Ancak bugün, özellikle de üretken yapay zekanın olduğu bu dünyada, geleceği şekillendiren biziz. Biz geleceğin inşacılarıyız. Kendimizi çimdiklemeliyiz.


Her şey bilgisayar haline geliyor. Bu büyük ölçüde iyi bir şey oldu: Arabalarımız daha güvenli, evlerimiz daha konforlu, fabrikalarımız ve çiftliklerimiz daha üretken. Her zamankinden daha fazla bilgiye anında erişebiliyoruz. Birbirimize daha çok bağlanıyoruz. Bazen bizi daha sağlıklı ve mutlu kıldı.

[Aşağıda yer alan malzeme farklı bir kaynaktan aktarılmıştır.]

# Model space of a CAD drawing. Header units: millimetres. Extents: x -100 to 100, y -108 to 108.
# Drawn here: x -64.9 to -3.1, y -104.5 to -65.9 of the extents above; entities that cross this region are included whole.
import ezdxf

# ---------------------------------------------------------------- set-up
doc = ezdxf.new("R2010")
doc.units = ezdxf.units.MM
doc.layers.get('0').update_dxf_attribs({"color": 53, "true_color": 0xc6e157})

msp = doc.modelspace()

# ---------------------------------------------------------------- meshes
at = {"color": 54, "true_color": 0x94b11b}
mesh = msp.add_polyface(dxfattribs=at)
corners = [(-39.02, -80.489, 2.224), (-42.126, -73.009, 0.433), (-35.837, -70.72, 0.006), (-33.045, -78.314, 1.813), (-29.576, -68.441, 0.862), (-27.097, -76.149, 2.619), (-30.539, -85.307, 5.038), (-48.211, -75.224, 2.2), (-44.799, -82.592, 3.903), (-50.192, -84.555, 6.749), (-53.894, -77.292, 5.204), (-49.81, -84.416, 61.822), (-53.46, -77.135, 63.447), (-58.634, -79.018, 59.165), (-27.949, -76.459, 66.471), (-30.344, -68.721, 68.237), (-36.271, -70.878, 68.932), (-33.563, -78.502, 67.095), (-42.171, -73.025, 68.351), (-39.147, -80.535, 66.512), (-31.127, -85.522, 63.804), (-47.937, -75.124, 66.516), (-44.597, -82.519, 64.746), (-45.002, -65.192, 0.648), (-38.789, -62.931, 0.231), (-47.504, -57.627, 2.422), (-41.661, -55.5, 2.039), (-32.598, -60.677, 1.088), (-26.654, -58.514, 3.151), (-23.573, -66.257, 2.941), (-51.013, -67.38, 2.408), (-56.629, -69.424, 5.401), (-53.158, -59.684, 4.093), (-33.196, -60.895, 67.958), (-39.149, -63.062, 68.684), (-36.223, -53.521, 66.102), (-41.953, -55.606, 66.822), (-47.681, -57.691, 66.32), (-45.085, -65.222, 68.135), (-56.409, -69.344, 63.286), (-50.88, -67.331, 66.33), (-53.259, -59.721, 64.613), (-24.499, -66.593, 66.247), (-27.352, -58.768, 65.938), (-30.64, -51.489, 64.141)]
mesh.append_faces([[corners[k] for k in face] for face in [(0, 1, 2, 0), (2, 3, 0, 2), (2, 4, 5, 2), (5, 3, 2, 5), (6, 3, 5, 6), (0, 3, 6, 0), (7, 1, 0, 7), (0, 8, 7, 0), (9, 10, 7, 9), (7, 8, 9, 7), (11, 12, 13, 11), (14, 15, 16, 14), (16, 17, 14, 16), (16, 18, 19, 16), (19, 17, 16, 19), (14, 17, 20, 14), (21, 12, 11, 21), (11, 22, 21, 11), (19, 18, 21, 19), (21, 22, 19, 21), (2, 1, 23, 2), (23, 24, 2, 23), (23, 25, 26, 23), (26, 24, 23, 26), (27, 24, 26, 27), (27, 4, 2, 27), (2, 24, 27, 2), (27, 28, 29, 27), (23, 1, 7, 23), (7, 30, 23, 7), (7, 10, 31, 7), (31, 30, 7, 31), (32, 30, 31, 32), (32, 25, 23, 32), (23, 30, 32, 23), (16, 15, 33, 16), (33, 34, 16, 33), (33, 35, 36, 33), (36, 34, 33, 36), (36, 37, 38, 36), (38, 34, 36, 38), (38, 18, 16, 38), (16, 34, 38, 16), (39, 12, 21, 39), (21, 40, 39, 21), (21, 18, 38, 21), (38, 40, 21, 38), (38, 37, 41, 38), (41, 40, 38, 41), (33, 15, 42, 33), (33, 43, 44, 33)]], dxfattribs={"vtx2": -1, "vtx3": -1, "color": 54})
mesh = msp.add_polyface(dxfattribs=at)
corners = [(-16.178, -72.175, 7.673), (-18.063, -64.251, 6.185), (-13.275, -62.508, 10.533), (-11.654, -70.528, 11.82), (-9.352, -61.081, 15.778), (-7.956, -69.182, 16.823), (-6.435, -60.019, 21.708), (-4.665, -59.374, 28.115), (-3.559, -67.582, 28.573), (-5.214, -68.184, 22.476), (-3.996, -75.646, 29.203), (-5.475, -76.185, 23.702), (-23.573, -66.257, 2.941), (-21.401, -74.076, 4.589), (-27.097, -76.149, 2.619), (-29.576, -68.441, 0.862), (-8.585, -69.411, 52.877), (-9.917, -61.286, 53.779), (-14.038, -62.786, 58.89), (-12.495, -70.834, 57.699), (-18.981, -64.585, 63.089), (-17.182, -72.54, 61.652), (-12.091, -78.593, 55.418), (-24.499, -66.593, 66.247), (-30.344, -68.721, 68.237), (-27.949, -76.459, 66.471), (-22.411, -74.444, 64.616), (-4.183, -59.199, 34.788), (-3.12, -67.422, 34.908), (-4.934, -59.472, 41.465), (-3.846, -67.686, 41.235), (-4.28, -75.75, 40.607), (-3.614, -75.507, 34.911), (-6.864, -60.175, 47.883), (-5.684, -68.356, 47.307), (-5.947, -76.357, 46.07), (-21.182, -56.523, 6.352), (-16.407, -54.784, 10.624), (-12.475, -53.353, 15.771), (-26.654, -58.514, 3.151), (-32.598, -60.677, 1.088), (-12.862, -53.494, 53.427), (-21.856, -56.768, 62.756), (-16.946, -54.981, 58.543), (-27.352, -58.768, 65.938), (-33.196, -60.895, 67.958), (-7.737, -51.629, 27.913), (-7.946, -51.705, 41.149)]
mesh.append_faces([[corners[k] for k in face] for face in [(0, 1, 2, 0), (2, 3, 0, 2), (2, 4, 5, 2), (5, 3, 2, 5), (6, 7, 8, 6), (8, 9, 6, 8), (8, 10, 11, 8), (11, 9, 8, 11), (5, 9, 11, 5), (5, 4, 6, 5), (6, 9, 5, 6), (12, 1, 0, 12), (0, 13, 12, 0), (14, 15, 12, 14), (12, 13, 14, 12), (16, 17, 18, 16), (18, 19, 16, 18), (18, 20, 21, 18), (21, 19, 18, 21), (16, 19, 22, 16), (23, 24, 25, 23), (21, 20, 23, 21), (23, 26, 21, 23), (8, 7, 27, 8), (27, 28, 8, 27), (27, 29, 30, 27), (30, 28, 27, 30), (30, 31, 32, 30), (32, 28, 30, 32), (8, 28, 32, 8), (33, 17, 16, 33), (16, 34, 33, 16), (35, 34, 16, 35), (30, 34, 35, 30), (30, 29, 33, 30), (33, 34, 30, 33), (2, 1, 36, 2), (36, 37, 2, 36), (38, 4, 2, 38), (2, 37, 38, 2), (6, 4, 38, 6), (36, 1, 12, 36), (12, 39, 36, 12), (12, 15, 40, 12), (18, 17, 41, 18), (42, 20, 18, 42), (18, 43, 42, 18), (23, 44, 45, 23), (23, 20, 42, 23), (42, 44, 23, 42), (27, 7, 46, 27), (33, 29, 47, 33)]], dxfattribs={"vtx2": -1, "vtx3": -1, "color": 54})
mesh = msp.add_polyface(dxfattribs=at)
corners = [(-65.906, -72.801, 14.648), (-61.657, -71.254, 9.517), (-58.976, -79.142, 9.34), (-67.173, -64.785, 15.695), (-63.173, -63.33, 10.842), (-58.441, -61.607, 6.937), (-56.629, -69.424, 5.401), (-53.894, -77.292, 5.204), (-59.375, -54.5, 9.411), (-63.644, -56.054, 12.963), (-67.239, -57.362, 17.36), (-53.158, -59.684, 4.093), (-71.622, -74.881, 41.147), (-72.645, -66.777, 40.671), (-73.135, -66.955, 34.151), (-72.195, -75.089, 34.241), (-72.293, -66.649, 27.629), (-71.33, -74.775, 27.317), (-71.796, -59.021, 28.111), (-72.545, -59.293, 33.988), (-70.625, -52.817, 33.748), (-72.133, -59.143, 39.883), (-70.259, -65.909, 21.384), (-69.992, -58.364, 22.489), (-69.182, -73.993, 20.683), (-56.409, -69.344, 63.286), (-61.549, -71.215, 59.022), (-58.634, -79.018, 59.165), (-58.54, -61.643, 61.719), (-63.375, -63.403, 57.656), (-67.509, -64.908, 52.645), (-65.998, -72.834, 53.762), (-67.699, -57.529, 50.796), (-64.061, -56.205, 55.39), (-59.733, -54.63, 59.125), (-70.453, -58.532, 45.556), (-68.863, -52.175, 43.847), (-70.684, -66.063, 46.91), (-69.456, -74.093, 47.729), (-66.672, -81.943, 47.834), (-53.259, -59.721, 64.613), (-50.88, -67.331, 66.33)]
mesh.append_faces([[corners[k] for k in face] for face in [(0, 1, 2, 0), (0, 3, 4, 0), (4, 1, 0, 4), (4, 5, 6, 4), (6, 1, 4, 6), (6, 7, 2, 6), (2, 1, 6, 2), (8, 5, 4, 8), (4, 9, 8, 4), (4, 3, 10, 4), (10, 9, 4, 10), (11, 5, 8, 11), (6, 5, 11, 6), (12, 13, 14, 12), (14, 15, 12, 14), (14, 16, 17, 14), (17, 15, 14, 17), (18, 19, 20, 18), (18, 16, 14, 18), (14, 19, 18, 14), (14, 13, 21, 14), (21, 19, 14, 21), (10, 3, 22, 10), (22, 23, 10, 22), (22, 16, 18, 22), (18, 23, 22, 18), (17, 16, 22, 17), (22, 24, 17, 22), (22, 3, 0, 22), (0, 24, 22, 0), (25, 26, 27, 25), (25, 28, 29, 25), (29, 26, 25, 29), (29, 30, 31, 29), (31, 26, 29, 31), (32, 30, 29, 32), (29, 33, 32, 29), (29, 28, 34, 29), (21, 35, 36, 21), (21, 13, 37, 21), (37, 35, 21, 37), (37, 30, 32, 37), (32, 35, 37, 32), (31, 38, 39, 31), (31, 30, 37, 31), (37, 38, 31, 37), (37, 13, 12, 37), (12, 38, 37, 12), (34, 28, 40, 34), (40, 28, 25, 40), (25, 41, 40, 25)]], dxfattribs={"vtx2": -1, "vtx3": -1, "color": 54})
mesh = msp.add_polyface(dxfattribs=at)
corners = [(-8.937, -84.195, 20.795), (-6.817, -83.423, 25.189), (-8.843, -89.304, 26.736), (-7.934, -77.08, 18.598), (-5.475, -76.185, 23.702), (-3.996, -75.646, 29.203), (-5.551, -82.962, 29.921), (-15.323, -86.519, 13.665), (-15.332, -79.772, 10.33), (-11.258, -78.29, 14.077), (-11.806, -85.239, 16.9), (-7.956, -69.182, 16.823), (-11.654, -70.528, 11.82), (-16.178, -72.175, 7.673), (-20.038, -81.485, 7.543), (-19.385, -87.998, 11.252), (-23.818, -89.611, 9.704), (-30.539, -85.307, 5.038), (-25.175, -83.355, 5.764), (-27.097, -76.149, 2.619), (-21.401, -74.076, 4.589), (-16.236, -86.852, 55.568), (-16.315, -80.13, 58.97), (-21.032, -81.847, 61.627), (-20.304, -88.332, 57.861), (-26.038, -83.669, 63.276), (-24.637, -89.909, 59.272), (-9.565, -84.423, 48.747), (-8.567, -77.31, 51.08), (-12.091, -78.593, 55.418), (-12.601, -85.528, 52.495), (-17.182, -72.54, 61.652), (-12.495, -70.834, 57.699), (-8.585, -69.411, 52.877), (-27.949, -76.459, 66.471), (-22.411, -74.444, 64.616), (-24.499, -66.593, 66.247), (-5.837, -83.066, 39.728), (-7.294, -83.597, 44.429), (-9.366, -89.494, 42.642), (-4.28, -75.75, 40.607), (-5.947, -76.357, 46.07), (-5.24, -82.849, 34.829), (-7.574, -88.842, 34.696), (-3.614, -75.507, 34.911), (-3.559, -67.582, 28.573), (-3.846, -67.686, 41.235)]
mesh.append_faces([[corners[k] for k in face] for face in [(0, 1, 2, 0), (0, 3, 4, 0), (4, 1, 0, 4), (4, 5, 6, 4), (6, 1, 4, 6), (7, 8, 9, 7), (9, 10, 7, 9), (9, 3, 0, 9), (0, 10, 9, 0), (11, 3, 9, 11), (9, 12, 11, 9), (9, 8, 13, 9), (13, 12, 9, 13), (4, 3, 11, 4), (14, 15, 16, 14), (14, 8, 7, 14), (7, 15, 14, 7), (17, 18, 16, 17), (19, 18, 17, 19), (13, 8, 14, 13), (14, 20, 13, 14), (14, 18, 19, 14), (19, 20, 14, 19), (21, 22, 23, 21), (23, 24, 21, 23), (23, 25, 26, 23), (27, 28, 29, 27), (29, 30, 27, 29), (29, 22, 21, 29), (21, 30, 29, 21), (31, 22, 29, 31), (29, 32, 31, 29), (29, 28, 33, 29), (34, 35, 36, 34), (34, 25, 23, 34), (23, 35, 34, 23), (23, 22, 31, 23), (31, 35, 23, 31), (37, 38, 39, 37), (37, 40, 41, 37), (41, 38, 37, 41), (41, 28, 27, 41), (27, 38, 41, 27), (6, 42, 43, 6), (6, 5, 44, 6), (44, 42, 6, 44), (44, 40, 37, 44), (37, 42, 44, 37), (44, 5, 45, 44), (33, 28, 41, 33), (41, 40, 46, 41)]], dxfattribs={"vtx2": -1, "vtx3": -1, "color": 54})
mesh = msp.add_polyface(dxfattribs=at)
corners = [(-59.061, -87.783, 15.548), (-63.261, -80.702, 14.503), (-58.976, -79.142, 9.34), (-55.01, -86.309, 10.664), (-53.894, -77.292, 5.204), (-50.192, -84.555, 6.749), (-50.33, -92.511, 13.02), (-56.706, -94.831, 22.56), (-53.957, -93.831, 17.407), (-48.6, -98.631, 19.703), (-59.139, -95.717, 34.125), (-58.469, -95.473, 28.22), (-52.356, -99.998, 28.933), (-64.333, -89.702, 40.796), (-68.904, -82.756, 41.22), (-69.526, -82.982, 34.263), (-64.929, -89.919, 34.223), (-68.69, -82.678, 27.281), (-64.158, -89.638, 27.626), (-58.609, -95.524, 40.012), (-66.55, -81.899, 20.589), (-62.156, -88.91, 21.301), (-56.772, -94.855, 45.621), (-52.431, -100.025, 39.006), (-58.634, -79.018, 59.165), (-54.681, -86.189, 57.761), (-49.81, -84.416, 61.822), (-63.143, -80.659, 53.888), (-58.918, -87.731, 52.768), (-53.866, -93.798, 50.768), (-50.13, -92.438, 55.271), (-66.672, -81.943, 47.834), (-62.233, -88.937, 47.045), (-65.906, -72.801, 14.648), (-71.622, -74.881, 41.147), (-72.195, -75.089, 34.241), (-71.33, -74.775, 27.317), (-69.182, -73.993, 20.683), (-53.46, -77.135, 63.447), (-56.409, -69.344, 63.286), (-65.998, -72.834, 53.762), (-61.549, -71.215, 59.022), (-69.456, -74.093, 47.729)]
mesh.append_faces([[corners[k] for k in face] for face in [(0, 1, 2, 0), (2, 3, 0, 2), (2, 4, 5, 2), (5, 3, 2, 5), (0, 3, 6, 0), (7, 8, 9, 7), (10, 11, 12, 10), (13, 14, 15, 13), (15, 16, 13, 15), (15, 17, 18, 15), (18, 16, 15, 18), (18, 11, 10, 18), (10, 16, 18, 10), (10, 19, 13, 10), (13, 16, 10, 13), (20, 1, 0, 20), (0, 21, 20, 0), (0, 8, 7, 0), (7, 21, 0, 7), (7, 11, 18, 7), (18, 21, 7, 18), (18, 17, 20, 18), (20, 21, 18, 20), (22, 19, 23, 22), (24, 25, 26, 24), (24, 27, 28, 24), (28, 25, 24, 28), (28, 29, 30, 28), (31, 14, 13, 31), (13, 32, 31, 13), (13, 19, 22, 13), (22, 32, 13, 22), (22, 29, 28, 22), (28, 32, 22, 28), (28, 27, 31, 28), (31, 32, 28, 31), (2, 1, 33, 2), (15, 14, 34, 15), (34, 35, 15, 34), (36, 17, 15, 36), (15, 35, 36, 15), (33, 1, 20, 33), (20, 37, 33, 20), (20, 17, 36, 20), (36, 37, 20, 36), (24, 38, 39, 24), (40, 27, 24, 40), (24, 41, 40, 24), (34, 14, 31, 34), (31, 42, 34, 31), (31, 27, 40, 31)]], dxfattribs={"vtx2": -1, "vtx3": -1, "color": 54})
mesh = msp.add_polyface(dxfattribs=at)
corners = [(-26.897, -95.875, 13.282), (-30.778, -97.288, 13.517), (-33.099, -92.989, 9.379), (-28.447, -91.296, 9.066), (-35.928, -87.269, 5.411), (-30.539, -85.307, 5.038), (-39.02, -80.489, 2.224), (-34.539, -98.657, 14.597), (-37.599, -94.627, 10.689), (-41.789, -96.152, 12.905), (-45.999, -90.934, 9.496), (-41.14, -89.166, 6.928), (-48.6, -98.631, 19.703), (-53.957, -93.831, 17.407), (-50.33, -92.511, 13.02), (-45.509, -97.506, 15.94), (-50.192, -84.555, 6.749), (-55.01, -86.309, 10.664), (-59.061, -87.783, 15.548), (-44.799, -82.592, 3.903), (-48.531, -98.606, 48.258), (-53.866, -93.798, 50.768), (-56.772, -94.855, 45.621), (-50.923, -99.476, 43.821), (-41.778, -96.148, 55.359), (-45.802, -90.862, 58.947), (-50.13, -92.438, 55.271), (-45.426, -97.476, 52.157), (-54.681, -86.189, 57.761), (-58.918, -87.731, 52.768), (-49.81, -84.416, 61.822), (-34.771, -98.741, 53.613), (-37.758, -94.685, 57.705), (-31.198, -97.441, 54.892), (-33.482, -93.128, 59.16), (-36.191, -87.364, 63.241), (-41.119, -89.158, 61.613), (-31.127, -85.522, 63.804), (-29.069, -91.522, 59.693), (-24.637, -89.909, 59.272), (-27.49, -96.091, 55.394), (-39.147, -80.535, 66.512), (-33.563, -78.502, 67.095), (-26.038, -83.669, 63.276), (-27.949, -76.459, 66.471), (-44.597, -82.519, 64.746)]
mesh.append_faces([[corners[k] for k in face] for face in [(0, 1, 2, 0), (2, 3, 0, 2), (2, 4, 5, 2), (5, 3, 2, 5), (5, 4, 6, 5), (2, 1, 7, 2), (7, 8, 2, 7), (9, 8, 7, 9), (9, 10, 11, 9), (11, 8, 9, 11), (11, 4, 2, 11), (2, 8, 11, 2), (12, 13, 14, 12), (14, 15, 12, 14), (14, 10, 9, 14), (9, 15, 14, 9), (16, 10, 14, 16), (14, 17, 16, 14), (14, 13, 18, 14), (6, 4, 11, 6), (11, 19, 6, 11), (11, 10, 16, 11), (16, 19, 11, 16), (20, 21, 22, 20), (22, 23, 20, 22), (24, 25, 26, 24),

Ama her zaman değil. Güç gibi bilişimin de hem aydınlık hem de karanlık tarafı vardır. Cep telefonlarının ve sosyal medyanın doğrudan katkıda bulunduğuna dair kanıtlar giderek artıyor. küresel genç akıl hastalığı salgını . Hala sonuçlarıyla uğraşıyoruz Yapay zeka ve sentetik biyoloji . Daha büyük gücümüzü kucaklarken, bunun sorumluluk gerektirdiğini de kabul etmeliyiz.


Geleceğin nasıl inşa edileceğini etkileyen iki değerli kaynağın koruyucusu haline geldik: zamanımız ve enerjimiz.


Bu kaynakları ya tesisat yönetimine harcamayı seçebiliriz ya da Her Şey için PostgreSQL'i benimseyip doğru geleceği inşa edebiliriz.


Sanırım nerede durduğumuzu biliyorsun.


Okuduğunuz için teşekkürler. #Postgres4Life


( Kaynak )


Bu yazı Ajay Kulkarni tarafından yazılmıştır.